Senior
Slant...
Christmas Reveries
by
Hilda Maston
As one grows older, many memories are
revisited. We have been through losses, moves,
infirmities, disappointments, and survived them all.
Around Christmas time we tend to live more in the past,
remembering when the kids were little, and wanted toys
instead of tuition, and were happy with a visit from
Santa and a holiday dinner. We remember how we shopped
for days, cooked for hours, and wrestled with yards of
wrapping paper and ribbon.
Nowadays, I just enjoy the holiday. I
give my daughter a check and she handles the Christmas
shopping. The only thing I have to do about Christmas
dinner is to show up. I do contribute deviled eggs and
black olives, for the sake of tradition. My
Granddaughter puts up the tree and decorates it.

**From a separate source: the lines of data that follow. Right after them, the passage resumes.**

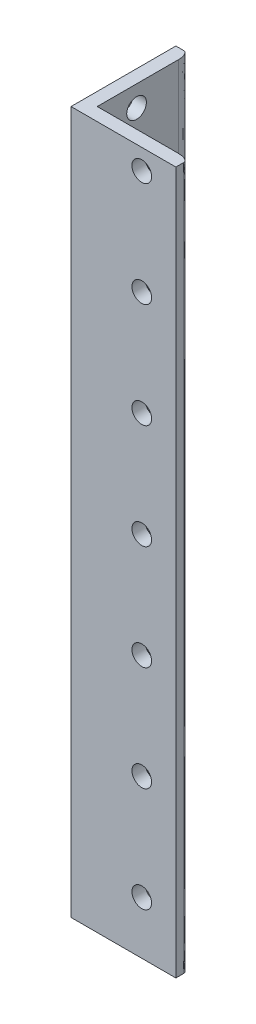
ISO-10303-21;
HEADER;
FILE_DESCRIPTION(('STEP AP214'),'2;1');
FILE_NAME('part.step','',(''),(''),'','','');
FILE_SCHEMA(('AUTOMOTIVE_DESIGN { 1 0 10303 214 1 1 1 1 }'));
ENDSEC;
DATA;
#1=APPLICATION_CONTEXT('core data for automotive mechanical design processes');
#2=APPLICATION_PROTOCOL_DEFINITION('international standard','automotive_design',2000,#1);
#3=PRODUCT_CONTEXT('',#1,'mechanical');
#4=PRODUCT('Part','Part','',(#3));
#5=PRODUCT_RELATED_PRODUCT_CATEGORY('part','',(#4));
#6=PRODUCT_DEFINITION_FORMATION('','',#4);
#7=PRODUCT_DEFINITION_CONTEXT('part definition',#1,'design');
#8=PRODUCT_DEFINITION('design','',#6,#7);
#9=PRODUCT_DEFINITION_SHAPE('','',#8);
#10=(LENGTH_UNIT() NAMED_UNIT(*) SI_UNIT(.MILLI.,.METRE.));
#11=(NAMED_UNIT(*) PLANE_ANGLE_UNIT() SI_UNIT($,.RADIAN.));
#12=(NAMED_UNIT(*) SI_UNIT($,.STERADIAN.) SOLID_ANGLE_UNIT());
#13=UNCERTAINTY_MEASURE_WITH_UNIT(LENGTH_MEASURE(1.E-05),#10,'distance_accuracy_value','');
#14=(GEOMETRIC_REPRESENTATION_CONTEXT(3) GLOBAL_UNCERTAINTY_ASSIGNED_CONTEXT((#13)) GLOBAL_UNIT_ASSIGNED_CONTEXT((#10,
#11,#12)) REPRESENTATION_CONTEXT('',''));
#15=CARTESIAN_POINT('',(0.,0.,0.));
#16=DIRECTION('',(0.,0.,1.));
#17=DIRECTION('',(1.,0.,0.));
#18=AXIS2_PLACEMENT_3D('',#15,#16,#17);
#19=CARTESIAN_POINT('',(0.,170.18,0.));
#20=DIRECTION('',(0.,0.,1.));
#21=DIRECTION('',(1.,0.,0.));
#22=AXIS2_PLACEMENT_3D('',#19,#20,#21);
#23=PLANE('',#22);
#24=DIRECTION('',(-1.,0.,0.));
#25=VECTOR('',#24,1.);
#26=CARTESIAN_POINT('',(0.,170.18,0.));
#27=LINE('',#26,#25);
#28=CARTESIAN_POINT('',(1.905,170.18,0.));
#29=VERTEX_POINT('',#28);
#30=CARTESIAN_POINT('',(0.,170.18,0.));
#31=VERTEX_POINT('',#30);
#32=EDGE_CURVE('E115',#29,#31,#27,.T.);
#33=ORIENTED_EDGE('',*,*,#32,.T.);
#34=DIRECTION('',(0.,1.,0.));
#35=VECTOR('',#34,1.);
#36=CARTESIAN_POINT('',(0.,170.18,0.));
#37=LINE('',#36,#35);
#38=CARTESIAN_POINT('',(0.,340.36,0.));
#39=VERTEX_POINT('',#38);
#40=EDGE_CURVE('E123',#31,#39,#37,.T.);
#41=ORIENTED_EDGE('',*,*,#40,.T.);
#42=DIRECTION('',(-1.,0.,0.));
#43=VECTOR('',#42,1.);
#44=CARTESIAN_POINT('',(0.,340.36,0.));
#45=LINE('',#44,#43);
#46=CARTESIAN_POINT('',(1.905,340.36,0.));
#47=VERTEX_POINT('',#46);
#48=EDGE_CURVE('E143',#47,#39,#45,.T.);
#49=ORIENTED_EDGE('',*,*,#48,.F.);
#50=CARTESIAN_POINT('',(1.905,161.671,0.));
#51=CARTESIAN_POINT('',(1.905,224.070333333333,0.));
#52=CARTESIAN_POINT('',(1.905,286.469666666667,0.));
#53=CARTESIAN_POINT('',(1.905,348.869,0.));
#54=(BOUNDED_CURVE() B_SPLINE_CURVE(3,(#50,#51,#52,#53),.UNSPECIFIED.,.F.,
.F.) B_SPLINE_CURVE_WITH_KNOTS((4,4),(-0.008509,0.178689),
.UNSPECIFIED.) CURVE() GEOMETRIC_REPRESENTATION_ITEM() RATIONAL_B_SPLINE_CURVE((1.,1.,1.,1.)) REPRESENTATION_ITEM(''));
#55=EDGE_CURVE('E130',#29,#47,#54,.T.);
#56=ORIENTED_EDGE('',*,*,#55,.F.);
#57=EDGE_LOOP('',(#33,#41,#49,#56));
#58=FACE_BOUND('',#57,.T.);
#59=ADVANCED_FACE('F42',(#58),#23,.F.);
#60=CARTESIAN_POINT('',(0.,170.18,0.));
#61=DIRECTION('',(1.,0.,0.));
#62=DIRECTION('',(0.,0.,-1.));
#63=AXIS2_PLACEMENT_3D('',#60,#61,#62);
#64=PLANE('',#63);
#65=CARTESIAN_POINT('',(0.,335.28,12.7));
#66=DIRECTION('',(-1.,0.,0.));
#67=DIRECTION('',(0.,0.,-1.));
#68=AXIS2_PLACEMENT_3D('',#65,#66,#67);
#69=CIRCLE('',#68,2.38125);
#70=CARTESIAN_POINT('',(0.,335.28,10.31875));
#71=VERTEX_POINT('',#70);
#72=EDGE_CURVE('E431',#71,#71,#69,.T.);
#73=ORIENTED_EDGE('',*,*,#72,.F.);
#74=EDGE_LOOP('',(#73));
#75=FACE_BOUND('',#74,.T.);
#76=CARTESIAN_POINT('',(0.,309.88,12.7));
#77=DIRECTION('',(-1.,0.,0.));
#78=DIRECTION('',(0.,0.,-1.));
#79=AXIS2_PLACEMENT_3D('',#76,#77,#78);
#80=CIRCLE('',#79,2.38125);
#81=CARTESIAN_POINT('',(0.,309.88,10.31875));
#82=VERTEX_POINT('',#81);
#83=EDGE_CURVE('E425',#82,#82,#80,.T.);
#84=ORIENTED_EDGE('',*,*,#83,.F.);
#85=EDGE_LOOP('',(#84));
#86=FACE_BOUND('',#85,.T.);
#87=CARTESIAN_POINT('',(0.,284.48,12.7));
#88=DIRECTION('',(-1.,0.,0.));
#89=DIRECTION('',(0.,0.,-1.));
#90=AXIS2_PLACEMENT_3D('',#87,#88,#89);
#91=CIRCLE('',#90,2.38125);
#92=CARTESIAN_POINT('',(0.,284.48,10.31875));
#93=VERTEX_POINT('',#92);
#94=EDGE_CURVE('E419',#93,#93,#91,.T.);
#95=ORIENTED_EDGE('',*,*,#94,.F.);
#96=EDGE_LOOP('',(#95));
#97=FACE_BOUND('',#96,.T.);
#98=CARTESIAN_POINT('',(0.,259.08,12.7));
#99=DIRECTION('',(-1.,0.,0.));
#100=DIRECTION('',(0.,0.,-1.));
#101=AXIS2_PLACEMENT_3D('',#98,#99,#100);
#102=CIRCLE('',#101,2.38125);
#103=CARTESIAN_POINT('',(0.,259.08,10.31875));
#104=VERTEX_POINT('',#103);
#105=EDGE_CURVE('E413',#104,#104,#102,.T.);
#106=ORIENTED_EDGE('',*,*,#105,.F.);
#107=EDGE_LOOP('',(#106));
#108=FACE_BOUND('',#107,.T.);
#109=CARTESIAN_POINT('',(0.,233.68,12.7));
#110=DIRECTION('',(-1.,0.,0.));
#111=DIRECTION('',(0.,0.,-1.));
#112=AXIS2_PLACEMENT_3D('',#109,#110,#111);
#113=CIRCLE('',#112,2.38125);
#114=CARTESIAN_POINT('',(0.,233.68,10.31875));
#115=VERTEX_POINT('',#114);
#116=EDGE_CURVE('E407',#115,#115,#113,.T.);
#117=ORIENTED_EDGE('',*,*,#116,.F.);
#118=EDGE_LOOP('',(#117));
#119=FACE_BOUND('',#118,.T.);
#120=CARTESIAN_POINT('',(0.,208.28,12.7));
#121=DIRECTION('',(-1.,0.,0.));
#122=DIRECTION('',(0.,0.,-1.));
#123=AXIS2_PLACEMENT_3D('',#120,#121,#122);
#124=CIRCLE('',#123,2.38125);
#125=CARTESIAN_POINT('',(0.,208.28,10.31875));
#126=VERTEX_POINT('',#125);
#127=EDGE_CURVE('E401',#126,#126,#124,.T.);
#128=ORIENTED_EDGE('',*,*,#127,.F.);
#129=EDGE_LOOP('',(#128));
#130=FACE_BOUND('',#129,.T.);
#131=CARTESIAN_POINT('',(0.,182.88,12.7));
#132=DIRECTION('',(-1.,0.,0.));
#133=DIRECTION('',(0.,0.,-1.));
#134=AXIS2_PLACEMENT_3D('',#131,#132,#133);
#135=CIRCLE('',#134,2.38125);
#136=CARTESIAN_POINT('',(0.,182.88,10.31875));
#137=VERTEX_POINT('',#136);
#138=EDGE_CURVE('E395',#137,#137,#135,.T.);
#139=ORIENTED_EDGE('',*,*,#138,.F.);
#140=EDGE_LOOP('',(#139));
#141=FACE_BOUND('',#140,.T.);
#142=DIRECTION('',(0.,0.,1.));
#143=VECTOR('',#142,1.);
#144=CARTESIAN_POINT('',(0.,340.36,0.));
#145=LINE('',#144,#143);
#146=CARTESIAN_POINT('',(0.,340.36,25.4));
#147=VERTEX_POINT('',#146);
#148=EDGE_CURVE('E126',#39,#147,#145,.T.);
#149=ORIENTED_EDGE('',*,*,#148,.F.);
#150=ORIENTED_EDGE('',*,*,#40,.F.);
#151=DIRECTION('',(0.,0.,1.));
#152=VECTOR('',#151,1.);
#153=CARTESIAN_POINT('',(0.,170.18,0.));
#154=LINE('',#153,#152);
#155=CARTESIAN_POINT('',(0.,170.18,25.4));
#156=VERTEX_POINT('',#155);
#157=EDGE_CURVE('E111',#31,#156,#154,.T.);
#158=ORIENTED_EDGE('',*,*,#157,.T.);
#159=DIRECTION('',(0.,1.,0.));
#160=VECTOR('',#159,1.);
#161=CARTESIAN_POINT('',(0.,170.18,25.4));
#162=LINE('',#161,#160);
#163=EDGE_CURVE('E131',#156,#147,#162,.T.);
#164=ORIENTED_EDGE('',*,*,#163,.T.);
#165=EDGE_LOOP('',(#149,#150,#158,#164));
#166=FACE_BOUND('',#165,.T.);
#167=ADVANCED_FACE('F124',(#75,#86,#97,#108,#119,#130,#141,#166),#64,.F.);
#168=CARTESIAN_POINT('',(0.,170.18,25.4));
#169=DIRECTION('',(0.,0.,-1.));
#170=DIRECTION('',(-1.,0.,0.));
#171=AXIS2_PLACEMENT_3D('',#168,#169,#170);
#172=PLANE('',#171);
#173=CARTESIAN_POINT('',(17.13738,335.38922,25.4));
#174=DIRECTION('',(0.,0.,1.));
#175=DIRECTION('',(-1.,0.,0.));
#176=AXIS2_PLACEMENT_3D('',#173,#174,#175);
#177=CIRCLE('',#176,2.38125);
#178=CARTESIAN_POINT('',(14.75613,335.38922,25.4));
#179=VERTEX_POINT('',#178);
#180=EDGE_CURVE('E389',#179,#179,#177,.T.);
#181=ORIENTED_EDGE('',*,*,#180,.F.);
#182=EDGE_LOOP('',(#181));
#183=FACE_BOUND('',#182,.T.);
#184=CARTESIAN_POINT('',(17.13738,309.98922,25.4));
#185=DIRECTION('',(0.,0.,1.));
#186=DIRECTION('',(-1.,0.,0.));
#187=AXIS2_PLACEMENT_3D('',#184,#185,#186);
#188=CIRCLE('',#187,2.38125);
#189=CARTESIAN_POINT('',(14.75613,309.98922,25.4));
#190=VERTEX_POINT('',#189);
#191=EDGE_CURVE('E383',#190,#190,#188,.T.);
#192=ORIENTED_EDGE('',*,*,#191,.F.);
#193=EDGE_LOOP('',(#192));
#194=FACE_BOUND('',#193,.T.);
#195=CARTESIAN_POINT('',(17.13738,284.58922,25.4));
#196=DIRECTION('',(0.,0.,1.));
#197=DIRECTION('',(-1.,0.,0.));
#198=AXIS2_PLACEMENT_3D('',#195,#196,#197);
#199=CIRCLE('',#198,2.38125);
#200=CARTESIAN_POINT('',(14.75613,284.58922,25.4));
#201=VERTEX_POINT('',#200);
#202=EDGE_CURVE('E377',#201,#201,#199,.T.);
#203=ORIENTED_EDGE('',*,*,#202,.F.);
#204=EDGE_LOOP('',(#203));
#205=FACE_BOUND('',#204,.T.);
#206=CARTESIAN_POINT('',(17.13738,259.18922,25.4));
#207=DIRECTION('',(0.,0.,1.));
#208=DIRECTION('',(-1.,0.,0.));
#209=AXIS2_PLACEMENT_3D('',#206,#207,#208);
#210=CIRCLE('',#209,2.38125);
#211=CARTESIAN_POINT('',(14.75613,259.18922,25.4));
#212=VERTEX_POINT('',#211);
#213=EDGE_CURVE('E371',#212,#212,#210,.T.);
#214=ORIENTED_EDGE('',*,*,#213,.F.);
#215=EDGE_LOOP('',(#214));
#216=FACE_BOUND('',#215,.T.);
#217=CARTESIAN_POINT('',(17.13738,233.78922,25.4));
#218=DIRECTION('',(0.,0.,1.));
#219=DIRECTION('',(-1.,0.,0.));
#220=AXIS2_PLACEMENT_3D('',#217,#218,#219);
#221=CIRCLE('',#220,2.38125);
#222=CARTESIAN_POINT('',(14.75613,233.78922,25.4));
#223=VERTEX_POINT('',#222);
#224=EDGE_CURVE('E365',#223,#223,#221,.T.);
#225=ORIENTED_EDGE('',*,*,#224,.F.);
#226=EDGE_LOOP('',(#225));
#227=FACE_BOUND('',#226,.T.);
#228=CARTESIAN_POINT('',(17.13738,208.38922,25.4));
#229=DIRECTION('',(0.,0.,1.));
#230=DIRECTION('',(-1.,0.,0.));
#231=AXIS2_PLACEMENT_3D('',#228,#229,#230);
#232=CIRCLE('',#231,2.38125);
#233=CARTESIAN_POINT('',(14.75613,208.38922,25.4));
#234=VERTEX_POINT('',#233);
#235=EDGE_CURVE('E359',#234,#234,#232,.T.);
#236=ORIENTED_EDGE('',*,*,#235,.F.);
#237=EDGE_LOOP('',(#236));
#238=FACE_BOUND('',#237,.T.);
#239=CARTESIAN_POINT('',(17.13738,182.98922,25.4));
#240=DIRECTION('',(0.,0.,1.));
#241=DIRECTION('',(-1.,0.,0.));
#242=AXIS2_PLACEMENT_3D('',#239,#240,#241);
#243=CIRCLE('',#242,2.38125);
#244=CARTESIAN_POINT('',(14.75613,182.98922,25.4));
#245=VERTEX_POINT('',#244);
#246=EDGE_CURVE('E230',#245,#245,#243,.T.);
#247=ORIENTED_EDGE('',*,*,#246,.F.);
#248=EDGE_LOOP('',(#247));
#249=FACE_BOUND('',#248,.T.);
#250=DIRECTION('',(1.,0.,0.));
#251=VECTOR('',#250,1.);
#252=CARTESIAN_POINT('',(0.,340.36,25.4));
#253=LINE('',#252,#251);
#254=CARTESIAN_POINT('',(25.4,340.36,25.4));
#255=VERTEX_POINT('',#254);
#256=EDGE_CURVE('E226',#147,#255,#253,.T.);
#257=ORIENTED_EDGE('',*,*,#256,.F.);
#258=ORIENTED_EDGE('',*,*,#163,.F.);
#259=DIRECTION('',(1.,0.,0.));
#260=VECTOR('',#259,1.);
#261=CARTESIAN_POINT('',(0.,170.18,25.4));
#262=LINE('',#261,#260);
#263=CARTESIAN_POINT('',(25.4,170.18,25.4));
#264=VERTEX_POINT('',#263);
#265=EDGE_CURVE('E117',#156,#264,#262,.T.);
#266=ORIENTED_EDGE('',*,*,#265,.T.);
#267=DIRECTION('',(0.,1.,0.));
#268=VECTOR('',#267,1.);
#269=CARTESIAN_POINT('',(25.4,170.18,25.4));
#270=LINE('',#269,#268);
#271=EDGE_CURVE('E217',#264,#255,#270,.T.);
#272=ORIENTED_EDGE('',*,*,#271,.T.);
#273=EDGE_LOOP('',(#257,#258,#266,#272));
#274=FACE_BOUND('',#273,.T.);
#275=ADVANCED_FACE('F184',(#183,#194,#205,#216,#227,#238,#249,#274),#172,.F.);
#276=CARTESIAN_POINT('',(25.4,170.18,22.225));
#277=DIRECTION('',(-1.,0.,0.));
#278=DIRECTION('',(0.,0.,1.));
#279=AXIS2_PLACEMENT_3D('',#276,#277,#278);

Sometimes I keep her company while she does it, but
that’s all. These days I don’t bake bushels of cookies
because everyone in the family is on a diet. Same goes
for candy. I don’t give Holiday parties because all my
friends are usually in bed by ten o’clock.
So, why do I look forward to Christmas?
Because of wonderful memories of church services, music,
and the old days when the children were little and we
were a whole family. These memories are wonderful and it
is wonderful to be old and have the time to enjoy them.
I guess I am beginning to appreciate being older. That
is some kind of progress.
One of Life’s Mysteries
Did you ever find a strange ballpoint pen
in your purse or pocket? By strange, I mean one
that you’ve never seen before, and that you have no idea
where it came from. Do these pens have some
strange power that we don’t know about? Where do they
come from? For that matter, where do they go?
One day I find a pen with a bank logo on the side.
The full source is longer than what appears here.